Leave the pictures out and quote every line from the start of the listing to the line with "# F0 (on Top) → F1 (new body)", inclusive.

== Segment start ==

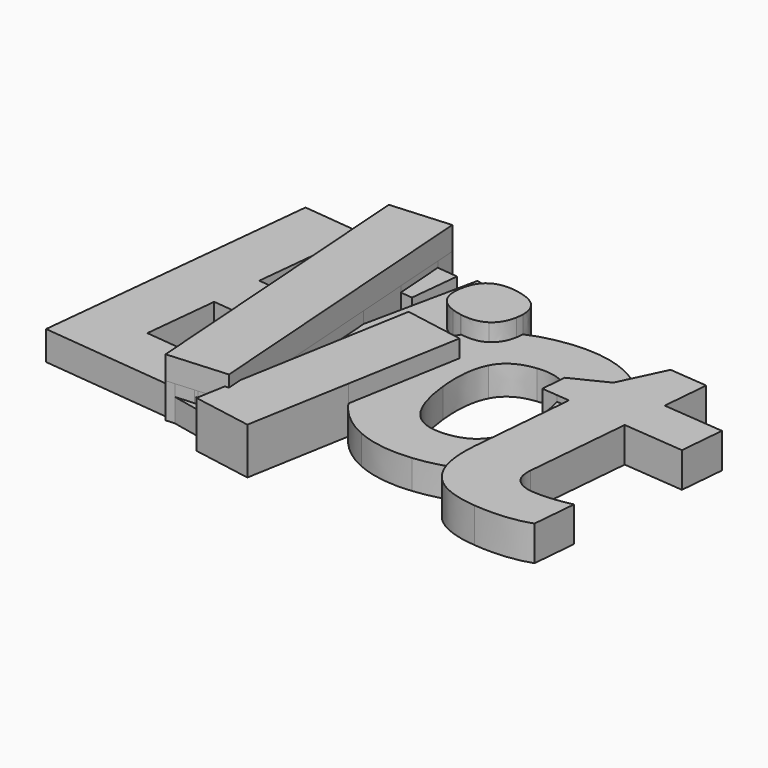
from build123d import *

# Parameters (mm, degrees)
F1_DEPTH = 2.5
F2_DEPTH = 3
F3_DEPTH = 2
F4_DEPTH = 4
F5_DEPTH = 2.5
F6_DEPTH = 3


# Not quite as in the source:
# - a feature names something its author has since deleted; it is built from what else it names


with BuildPart() as f1:
    # F0 (on Top) → F1 (new body)
    with BuildSketch(Plane.XY):
        Polygon((-35.3778718855, -10.0628526476), (-35.0793464958, -10.0938324205), (-35.073883926, -10.0411943399), align=None)
        Polygon((-36.9787601383, -10.1769115417), (-35.3778718855, -10.0628526476), (-37.0800270676, -9.8862097799), (-37.134769104, -10.1437508123), align=None)
        Polygon((-37.0800270676, -9.8862097799), (-35.3778718855, -10.0628526476), (-35.073883926, -10.0411943399), (-34.631335756, -5.7767387725), (-36.1725358308, -5.6167991831), align=None)
        Polygon((-37.7560246741, -9.8160574477), (-37.0800270676, -9.8862097799), (-36.1725358308, -5.6167991831), (-38.0692340227, -5.4199674186), align=None)
        Polygon((-49.2771882306, -8.6204371001), (-37.7560246741, -9.8160574477), (-38.0692340227, -5.4199674186), (-43.6000978097, -4.8459964607), (-42.9404019954, 1.5109239359), (-38.5304347886, 1.0532751491), (-38.8412950671, 5.4163945029), (-42.4957513362, 5.7956393816), (-41.9340578712, 11.2081955427), (-39.2339812879, 10.9279923768), (-39.5448415664, 15.2911117306), (-46.7184868931, 16.0355639968), align=None)
        Polygon((-34.3542809792, 2.9374173386), (-34.8362549846, 0.6699079207), (-34.5922221536, 0.6445831679), align=None)
        Polygon((-38.5304347886, 1.0532751491), (-34.8362549846, 0.6699079207), (-34.3542809792, 2.9374173386), (-34.1475714944, 4.9292986135), (-38.8412950671, 5.4163945029), align=None)
        Polygon((-34.3227687381, 14.7491858653), (-34.0119084596, 10.3860665115), (-32.9652958176, 10.2774532308), (-32.5206451583, 14.5621686765), align=None)
        Polygon((-39.2339812879, 10.9279923768), (-34.0119084596, 10.3860665115), (-34.3227687381, 14.7491858653), (-39.5448415664, 15.2911117306), align=None)
    extrude(amount=F1_DEPTH)

    # F0 (on Top) → F2 (join)
    with BuildSketch(Plane.XY):
        Polygon((-36.9787601383, -10.1769115417), (-35.3778718855, -10.0628526476), (-37.0800270676, -9.8862097799), (-37.134769104, -10.1437508123), align=None)
        Polygon((-37.0800270676, -9.8862097799), (-35.3778718855, -10.0628526476), (-35.073883926, -10.0411943399), (-34.631335756, -5.7767387725), (-36.1725358308, -5.6167991831), align=None)
        Polygon((-34.631335756, -5.7767387725), (-35.073883926, -10.0411943399), (-32.905769146, -9.8867221126), (-32.6648674417, -8.5205006567), (-33.7003912462, 6.0137266645), (-34.3542809792, 2.9374173386), (-34.5922221536, 0.6445831679), (-34.8362549846, 0.6699079207), (-36.1725358308, -5.6167991831), align=None)
        Polygon((-37.134769104, -10.1437508123), (-37.0800270676, -9.8862097799), (-37.7560246741, -9.8160574477), (-37.7265190579, -10.2301873123), (-36.9787601383, -10.1769115417), align=None)
        Polygon((-37.7560246741, -9.8160574477), (-37.0800270676, -9.8862097799), (-36.1725358308, -5.6167991831), (-38.0692340227, -5.4199674186), align=None)
        Polygon((-32.6648674417, -8.5205006567), (-32.905769146, -9.8867221126), (-32.5692362117, -9.8627450647), align=None)
        Polygon((-38.0692340227, -5.4199674186), (-36.1725358308, -5.6167991831), (-34.8362549846, 0.6699079207), (-38.5304347886, 1.0532751491), align=None)
        Polygon((-34.3542809792, 2.9374173386), (-34.8362549846, 0.6699079207), (-34.5922221536, 0.6445831679), align=None)
        Polygon((-38.5304347886, 1.0532751491), (-34.8362549846, 0.6699079207), (-34.3542809792, 2.9374173386), (-34.1475714944, 4.9292986135), (-38.8412950671, 5.4163945029), align=None)
        Polygon((-34.3542809792, 2.9374173386), (-33.7003912462, 6.0137266645), (-34.0119084596, 10.3860665115), (-39.2339812879, 10.9279923768), (-38.8412950671, 5.4163945029), (-34.1475714944, 4.9292986135), align=None)
        Polygon((-39.2339812879, 10.9279923768), (-34.0119084596, 10.3860665115), (-34.3227687381, 14.7491858653), (-39.5448415664, 15.2911117306), align=None)
        Polygon((-39.6015155428, 16.0865666029), (-39.5448415664, 15.2911117306), (-34.3227687381, 14.7491858653), (-34.4442326965, 16.4540088505), align=None)
    extrude(amount=F2_DEPTH)

    # F0 (on Top) + F2_face (on face) → F3 (join)
    with BuildSketch(Plane.XY):
        with BuildLine():
            Line((-33.7003912462, 6.0137266645), (-32.6648674417, -8.5205006567))
            Line((-32.6648674417, -8.5205006567), (-30.0548580187, 6.2815983328))
            Line((-30.0548580187, 6.2815983328), (-28.4189033292, 5.9931353818))
            Line((-28.4189033292, 5.9931353818), (-27.9148304101, 8.3646120143))
            add(Edge.make_bspline(
                [(-27.9148304101, 8.3646120143), (-29.7926134456, 9.0498377198), (-29.4232001055, 11.1448848793)],
                knots=[0.163931303, 0.163931303, 0.163931303, 1, 1, 1], degree=2))
            add(Edge.make_bspline(
                [(-29.4232001055, 11.1448848793), (-29.0403306221, 13.3162456202), (-26.882343227, 13.2220823034)],
                knots=[0, 0, 0, 0.8721015682, 0.8721015682, 0.8721015682], degree=2))
            Line((-26.882343227, 13.2220823034), (-26.5919673681, 14.5881933121))
            Line((-26.5919673681, 14.5881933121), (-31.6493385894, 15.66317075))
            Line((-31.6493385894, 15.66317075), (-33.7003912462, 6.0137266645))
        make_face()
        Polygon((-32.5692362117, -9.8627450647), (-32.905769146, -9.8867221126), (-33.1022277016, -11.0008939476), (-32.0773978827, -11.2187282502), (-28.4189033292, 5.9931353818), (-30.0548580187, 6.2815983328), (-32.6648674417, -8.5205006567), align=None)
        with BuildLine():
            add(Edge.make_bspline(
                [(-27.9148304101, 8.3646120143), (-29.7926134456, 9.0498377198), (-29.4232001055, 11.1448848793)],
                knots=[0.163931303, 0.163931303, 0.163931303, 1, 1, 1], degree=2))
            Line((-27.9148304101, 8.3646120143), (-26.882343227, 13.2220823034))
            add(Edge.make_bspline(
                [(-29.4232001055, 11.1448848793), (-29.0403306221, 13.3162456202), (-26.882343227, 13.2220823034)],
                knots=[0, 0, 0, 0.8721015682, 0.8721015682, 0.8721015682], degree=2))
        make_face()
        Polygon((-35.073883926, -10.0411943399), (-35.0793464958, -10.0938324205), (-35.3778718855, -10.0628526476), (-36.9787601383, -10.1769115417), (-33.1022277016, -11.0008939476), (-32.905769146, -9.8867221126), align=None)
        Polygon((-34.631335756, -5.7767387725), (-35.073883926, -10.0411943399), (-32.905769146, -9.8867221126), (-32.6648674417, -8.5205006567), (-33.7003912462, 6.0137266645), (-34.3542809792, 2.9374173386), (-34.5922221536, 0.6445831679), (-34.8362549846, 0.6699079207), (-36.1725358308, -5.6167991831), align=None)
        Polygon((-34.3542809792, 2.9374173386), (-34.8362549846, 0.6699079207), (-34.5922221536, 0.6445831679), align=None)
    with BuildSketch(Plane(origin=(-36.0853758772, 3.1119107691, 3), x_dir=(1, 0, 0), z_dir=(0, 0, 1))):
        Polygon((-1.6411431807, -13.3420980814), (3.5161396656, -12.9746558338), (1.6411431807, 13.3420980814), (-3.5161396656, 12.9746558338), align=None)
    extrude(amount=F3_DEPTH)

    # F0 (on Top) → F4 (join)
    with BuildSketch(Plane.XY):
        with BuildLine():
            Line((-32.0773978827, -11.2187282502), (-33.1022277016, -11.0008939476))
            Line((-33.1022277016, -11.0008939476), (-33.346561213, -12.3865781485))
            Line((-33.346561213, -12.3865781485), (-28.2547546341, -13.2844010289))
            Line((-28.2547546341, -13.2844010289), (-26.6872976436, -4.3949106953))
            add(Edge.make_bspline(
                [(-26.6872976436, -4.3949106953), (-26.7718769913, -4.2714125894), (-26.8533257577, -4.1437469442)],
                knots=[0.9394626122, 0.9394626122, 0.9394626122, 1, 1, 1], degree=2))
            add(Edge.make_bspline(
                [(-26.8533257577, -4.1437469442), (-28.198754911, -2.0348742315), (-28.5106616753, 0.9327203999)],
                knots=[0, 0, 0, 1, 1, 1], degree=2))
            add(Edge.make_bspline(
                [(-28.5106616753, 0.9327203999), (-28.8097055982, 3.7779332702), (-28.1125120543, 5.9391103334)],
                knots=[0, 0, 0, 0.6160260997, 0.6160260997, 0.6160260997], degree=2))
            Line((-28.1125120543, 5.9391103334), (-28.4189033292, 5.9931353818))
            Line((-28.4189033292, 5.9931353818), (-32.0773978827, -11.2187282502))
        make_face()
        with BuildLine():
            Line((-26.882343227, 13.2220823034), (-27.9148304101, 8.3646120143))
            add(Edge.make_bspline(
                [(-27.0920682235, 8.1501027592), (-27.5466460481, 8.2302570945), (-27.9148304101, 8.3646120143)],
                knots=[0, 0, 0, 0.163931303, 0.163931303, 0.163931303], degree=2))
            add(Edge.make_bspline(
                [(-27.023901472, 8.1384969442), (-27.0578081855, 8.1440617902), (-27.0920682235, 8.1501027592)],
                knots=[0.975337591, 0.975337591, 0.975337591, 1, 1, 1], degree=2))
            add(Edge.make_bspline(
                [(-27.023901472, 8.1384969442), (-26.9422305742, 8.2544564791), (-26.8563287669, 8.3675109901)],
                knots=[0.9598547149, 0.9598547149, 0.9598547149, 1, 1, 1], degree=2))
            add(Edge.make_bspline(
                [(-26.8563287669, 8.3675109901), (-25.6762464221, 9.9206055833), (-23.8176994255, 10.7568832127)],
                knots=[0, 0, 0, 0.5514987826, 0.5514987826, 0.5514987826], degree=2))
            add(Edge.make_bspline(
                [(-26.211203173, 13.145736706), (-23.7840508918, 12.7177642725), (-23.8176994255, 10.7568832127)],
                knots=[0, 0, 0, 0.8752873865, 0.8752873865, 0.8752873865], degree=2))
            add(Edge.make_bspline(
                [(-26.882343227, 13.2220823034), (-26.5658626543, 13.2082727415), (-26.211203173, 13.145736706)],
                knots=[0.8721015682, 0.8721015682, 0.8721015682, 1, 1, 1], degree=2))
        make_face()
        with BuildLine():
            add(Edge.make_bspline(
                [(-27.023901472, 8.1384969442), (-26.9422305742, 8.2544564791), (-26.8563287669, 8.3675109901)],
                knots=[0.9598547149, 0.9598547149, 0.9598547149, 1, 1, 1], degree=2))
            add(Edge.make_bspline(
                [(-24.8946497679, 8.4430052782), (-25.682974387, 7.9184209789), (-27.023901472, 8.1384969442)],
                knots=[0, 0, 0, 0.975337591, 0.975337591, 0.975337591], degree=2))
            add(Edge.make_bspline(
                [(-23.877244986, 10.166983358), (-24.0863915542, 8.9808542283), (-24.8946497679, 8.4430052782)],
                knots=[0, 0, 0, 1, 1, 1], degree=2))
            add(Edge.make_bspline(
                [(-23.8176994255, 10.7568832127), (-23.8224937327, 10.4774931456), (-23.877244986, 10.166983358)],
                knots=[0.8752873865, 0.8752873865, 0.8752873865, 1, 1, 1], degree=2))
            add(Edge.make_bspline(
                [(-26.8563287669, 8.3675109901), (-25.6762464221, 9.9206055833), (-23.8176994255, 10.7568832127)],
                knots=[0, 0, 0, 0.5514987826, 0.5514987826, 0.5514987826], degree=2))
        make_face()
        with BuildLine():
            add(Edge.make_bspline(
                [(-27.9148304101, 8.3646120143), (-29.7926134456, 9.0498377198), (-29.4232001055, 11.1448848793)],
                knots=[0.163931303, 0.163931303, 0.163931303, 1, 1, 1], degree=2))
            Line((-27.9148304101, 8.3646120143), (-26.882343227, 13.2220823034))
            add(Edge.make_bspline(
                [(-29.4232001055, 11.1448848793), (-29.0403306221, 13.3162456202), (-26.882343227, 13.2220823034)],
                knots=[0, 0, 0, 0.8721015682, 0.8721015682, 0.8721015682], degree=2))
        make_face()
        Polygon((-32.5692362117, -9.8627450647), (-32.905769146, -9.8867221126), (-33.1022277016, -11.0008939476), (-32.0773978827, -11.2187282502), (-28.4189033292, 5.9931353818), (-30.0548580187, 6.2815983328), (-32.6648674417, -8.5205006567), align=None)
        with BuildLine():
            add(Edge.make_bspline(
                [(-26.6872976436, -4.3949106953), (-26.7718769913, -4.2714125894), (-26.8533257577, -4.1437469442)],
                knots=[0.9394626122, 0.9394626122, 0.9394626122, 1, 1, 1], degree=2))
            Line((-26.6872976436, -4.3949106953), (-24.9630514398, 5.3837754524))
            Line((-24.9630514398, 5.3837754524), (-28.1125120543, 5.9391103334))
            add(Edge.make_bspline(
                [(-28.5106616753, 0.9327203999), (-28.8097055982, 3.7779332702), (-28.1125120543, 5.9391103334)],
                knots=[0, 0, 0, 0.6160260997, 0.6160260997, 0.6160260997], degree=2))
            add(Edge.make_bspline(
                [(-26.8533257577, -4.1437469442), (-28.198754911, -2.0348742315), (-28.5106616753, 0.9327203999)],
                knots=[0, 0, 0, 1, 1, 1], degree=2))
        make_face()
    extrude(amount=F4_DEPTH)

    # F0 (on Top) → F5 (join)
    with BuildSketch(Plane.XY):
        with BuildLine():
            Line((-24.9630514398, 5.3837754524), (-26.6872976436, -4.3949106953))
            add(Edge.make_bspline(
                [(-23.3082319184, -7.2243041393), (-25.3747346502, -6.3114428972), (-26.6872976436, -4.3949106953)],
                knots=[0, 0, 0, 0.9394626122, 0.9394626122, 0.9394626122], degree=2))
            add(Edge.make_bspline(
                [(-18.3945670513, -7.9107357082), (-21.1085672324, -8.1959886218), (-23.3082319184, -7.2243041393)],
                knots=[0, 0, 0, 1, 1, 1], degree=2))
            add(Edge.make_bspline(
                [(-15.526822019, -7.2607332211), (-16.816191427, -7.7448417453), (-18.3945670513, -7.9107357082)],
                knots=[0.635705233, 0.635705233, 0.635705233, 1, 1, 1], degree=2))
            add(Edge.make_bspline(
                [(-15.526822019, -7.2607332211), (-15.7362478933, -6.1155120567), (-15.6086910396, -4.6575305475)],
                knots=[0.5332842969, 0.5332842969, 0.5332842969, 1, 1, 1], degree=2))
            Line((-15.6086910396, -4.6575305475), (-14.8124113587, 4.4439878531))
            Line((-14.8124113587, 4.4439878531), (-15.9225730211, 4.5411144132))
            add(Edge.make_bspline(
                [(-15.4964103102, 2.3005733372), (-15.6304602981, 3.5759737775), (-15.9225730211, 4.5411144132)],
                knots=[0, 0, 0, 0.455446446, 0.455446446, 0.455446446], degree=2))
            add(Edge.make_bspline(
                [(-15.9517368314, -2.0350954081), (-15.2003824357, -0.5159437493), (-15.4964103102, 2.3005733372)],
                knots=[0, 0, 0, 1, 1, 1], degree=2))
            add(Edge.make_bspline(
                [(-18.7642205893, -3.7708804923), (-16.7030912272, -3.5542470669), (-15.9517368314, -2.0350954081)],
                knots=[0, 0, 0, 1, 1, 1], degree=2))
            add(Edge.make_bspline(
                [(-21.9066614421, -2.652800358), (-20.8361412047, -3.9886481241), (-18.7642205893, -3.7708804923)],
                knots=[0, 0, 0, 1, 1, 1], degree=2))
            add(Edge.make_bspline(
                [(-23.2715082443, 1.4833776147), (-22.9771816795, -1.316952592), (-21.9066614421, -2.652800358)],
                knots=[0, 0, 0, 1, 1, 1], degree=2))
            add(Edge.make_bspline(
                [(-22.8019878506, 5.7878068067), (-23.5675361188, 4.2998947012), (-23.2715082443, 1.4833776147)],
                knots=[0, 0, 0, 1, 1, 1], degree=2))
            add(Edge.make_bspline(
                [(-19.9807058469, 7.4917852345), (-22.0364395824, 7.2757189123), (-22.8019878506, 5.7878068067)],
                knots=[0, 0, 0, 1, 1, 1], degree=2))
            add(Edge.make_bspline(
                [(-17.1000146463, 6.6820511263), (-18.139176229, 7.6853377967), (-19.9807058469, 7.4917852345)],
                knots=[0.1135054063, 0.1135054063, 0.1135054063, 1, 1, 1], degree=2))
            Line((-17.1000146463, 6.6820511263), (-17.0863969164, 6.8377024908))
            Line((-17.0863969164, 6.8377024908), (-14.0980890907, 8.3135561352))
            Line((-14.0980890907, 8.3135561352), (-13.4336721304, 9.710496258))
            add(Edge.make_bspline(
                [(-15.433567304, 10.9673584912), (-14.3249420181, 10.4828209599), (-13.4336721304, 9.710496258)],
                knots=[0, 0, 0, 0.5042574102, 0.5042574102, 0.5042574102], degree=2))
            add(Edge.make_bspline(
                [(-20.3460979647, 11.6429988069), (-17.6320977836, 11.9282517204), (-15.433567304, 10.9673584912)],
                knots=[0, 0, 0, 1, 1, 1], degree=2))
            add(Edge.make_bspline(
                [(-23.8176994255, 10.7568832127), (-22.3062534954, 11.4369781588), (-20.3460979647, 11.6429988069)],
                knots=[0.5514987826, 0.5514987826, 0.5514987826, 1, 1, 1], degree=2))
            add(Edge.make_bspline(
                [(-23.8176994255, 10.7568832127), (-23.8224937327, 10.4774931456), (-23.877244986, 10.166983358)],
                knots=[0.8752873865, 0.8752873865, 0.8752873865, 1, 1, 1], degree=2))
            add(Edge.make_bspline(
                [(-23.877244986, 10.166983358), (-24.0863915542, 8.9808542283), (-24.8946497679, 8.4430052782)],
                knots=[0, 0, 0, 1, 1, 1], degree=2))
            add(Edge.make_bspline(
                [(-24.8946497679, 8.4430052782), (-25.682974387, 7.9184209789), (-27.023901472, 8.1384969442)],
                knots=[0, 0, 0, 0.975337591, 0.975337591, 0.975337591], degree=2))
            add(Edge.make_bspline(
                [(-28.1125120543, 5.9391103334), (-27.723380667, 7.1453490259), (-27.023901472, 8.1384969442)],
                knots=[0.6160260997, 0.6160260997, 0.6160260997, 0.9598547149, 0.9598547149, 0.9598547149], degree=2))
            Line((-28.1125120543, 5.9391103334), (-24.9630514398, 5.3837754524))
        make_face()
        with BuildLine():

== Segment end ==

- [Reply to the task]
from build123d import *

# Parameters (mm, degrees)
F1_DEPTH = 2.5
F2_DEPTH = 3
F3_DEPTH = 2
F4_DEPTH = 4
F5_DEPTH = 2.5
F6_DEPTH = 3


# Not quite as in the source:
# - a feature names something its author has since deleted; it is built from what else it names


with BuildPart() as f1:
    # F0 (on Top) → F1 (new body)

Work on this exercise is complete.